Sur cette trame, Béchir Khraïef (1917-1983), auteur majeur de la littérature tunisienne, compose un récit picaresque servi par une écriture truculente. Un véritable feu de joie où couleurs, sons et odeurs se consument dans un brasier pétaradant. Il était bien temps que l’œuvre maîtresse – écrite en 1960 – de ce romancier de langue arabe, natif des oasis du sud de la Tunisie, soit enfin portée à la connaissance du public francophone grâce une traduction subtile et magistrale de Samia Kassab-Charfi, grande défricheuse du patrimoine littéraire tunisien, qui vient de paraître.

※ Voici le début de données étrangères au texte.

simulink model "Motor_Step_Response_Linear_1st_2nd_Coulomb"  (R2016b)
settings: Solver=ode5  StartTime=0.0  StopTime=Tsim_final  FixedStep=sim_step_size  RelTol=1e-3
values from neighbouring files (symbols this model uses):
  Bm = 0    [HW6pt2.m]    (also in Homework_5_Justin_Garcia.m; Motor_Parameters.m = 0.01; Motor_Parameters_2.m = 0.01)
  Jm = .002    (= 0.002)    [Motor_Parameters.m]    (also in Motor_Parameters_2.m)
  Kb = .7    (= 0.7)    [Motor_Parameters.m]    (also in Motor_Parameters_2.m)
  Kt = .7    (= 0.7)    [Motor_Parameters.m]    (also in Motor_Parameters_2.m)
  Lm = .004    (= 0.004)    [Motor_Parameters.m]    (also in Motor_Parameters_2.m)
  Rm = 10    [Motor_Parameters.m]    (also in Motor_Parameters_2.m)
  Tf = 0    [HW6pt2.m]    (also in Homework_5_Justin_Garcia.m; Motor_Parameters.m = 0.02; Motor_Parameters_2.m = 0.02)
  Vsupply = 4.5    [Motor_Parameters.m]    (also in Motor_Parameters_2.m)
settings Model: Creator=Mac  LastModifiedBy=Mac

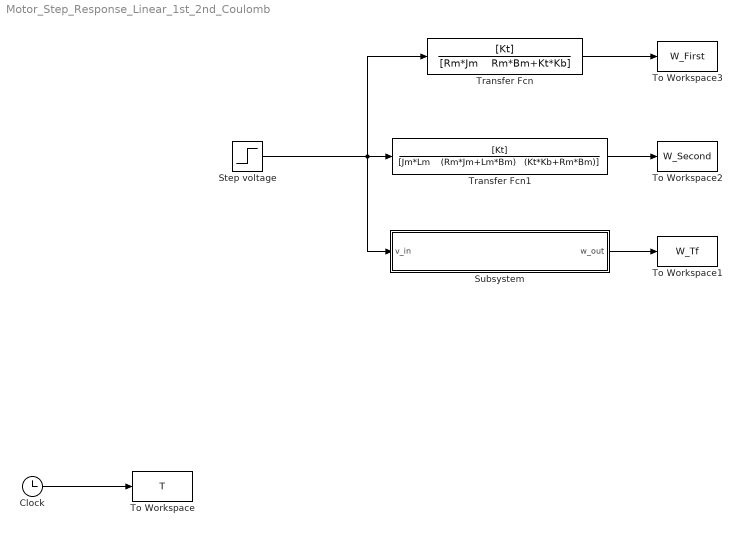
== system Motor_Step_Response_Linear_1st_2nd_Coulomb ==
  Clock : Clock
  Step voltage : Step  Time=0  After=Vsupply  SampleTime=0
  Subsystem : Subsystem
  To Workspace : ToWorkspace  VariableName=T  SampleTime=-1
  To Workspace1 : ToWorkspace  VariableName=W_Tf  SampleTime=-1
  To Workspace2 : ToWorkspace  VariableName=W_Second  SampleTime=-1
  To Workspace3 : ToWorkspace  VariableName=W_First  SampleTime=-1
  Transfer Fcn : TransferFcn  Numerator=[Kt]  Denominator="[Rm*Jm    Rm*Bm+Kt*Kb]"
  Transfer Fcn1 : TransferFcn  Numerator=[Kt]  Denominator="[Jm*Lm    (Rm*Jm+Lm*Bm)   (Kt*Kb+Rm*Bm)]"
  wires:
  Clock/1 -> To Workspace/1
  Transfer Fcn/1 -> To Workspace3/1
  Transfer Fcn1/1 -> To Workspace2/1
  Subsystem/1(w_out) -> To Workspace1/1
  Step voltage/1 -> Subsystem/1(v_in), Transfer Fcn1/1, Transfer Fcn/1

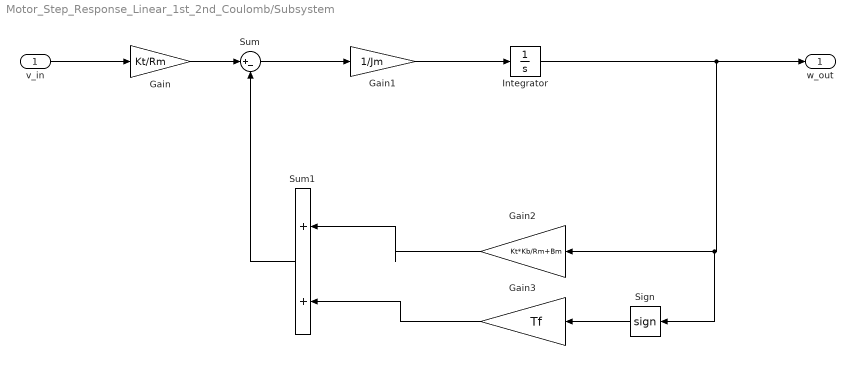
== system Motor_Step_Response_Linear_1st_2nd_Coulomb/Subsystem ==
  v_in : Inport
  Gain : Gain  Gain=Kt/Rm
  Gain1 : Gain  Gain=1/Jm
  Gain2 : Gain  Gain=Kt*Kb/Rm+Bm
  Gain3 : Gain  Gain=Tf
  Integrator : Integrator
  Sign : Signum
  Sum : Sum  Inputs=|+-
  Sum1 : Sum  Inputs=|++
  w_out : Outport
  wires:
  Integrator/1 -> Sign/1, Gain2/1, w_out/1
  Gain1/1 -> Integrator/1
  Sum/1 -> Gain1/1
  Gain/1 -> Sum/1
  Sum1/1 -> Sum/2
  Gain2/1 -> Sum1/1
  Gain3/1 -> Sum1/2
  Sign/1 -> Gain3/1
  v_in/1 -> Gain/1

Libelle politique et récit d’aventures

Dès les premières pages, le lecteur est happé par le baroque de Khraïef : Barg Ellil, esclave assigné à un savant alchimiste, rompt l’ennui d’un soir en faisant tinter des étagères de fioles à l’aide de martelets, percussionniste emporté dans une transe jusqu’à dévaster le laboratoire. Dans le désastre surgit une lumière, l’éclat du regard d’une belle l’ayant furtivement observé à travers une lucarne. Dès lors, Barg Ellil ne cessera de rechercher la jolie inconnue tout en fuyant son patron occultiste lancé à ses trousses dans un Tunis en émoi devant le débarquement du forban Barberousse (Khaïr-Eddine Pacha) flanqué de ses légions de janissaires. Au fil de ses tribulations, il liera son sort à Chaâchou, galérien tunisien gagnant ses galons de mousquetaire au service de Barberousse, allié des Turcs. Amitié émancipatrice : « Toi, l’esclave, dit Chaâchou à Barg Ellil, tu vaux mieux que quatre hommes libres. »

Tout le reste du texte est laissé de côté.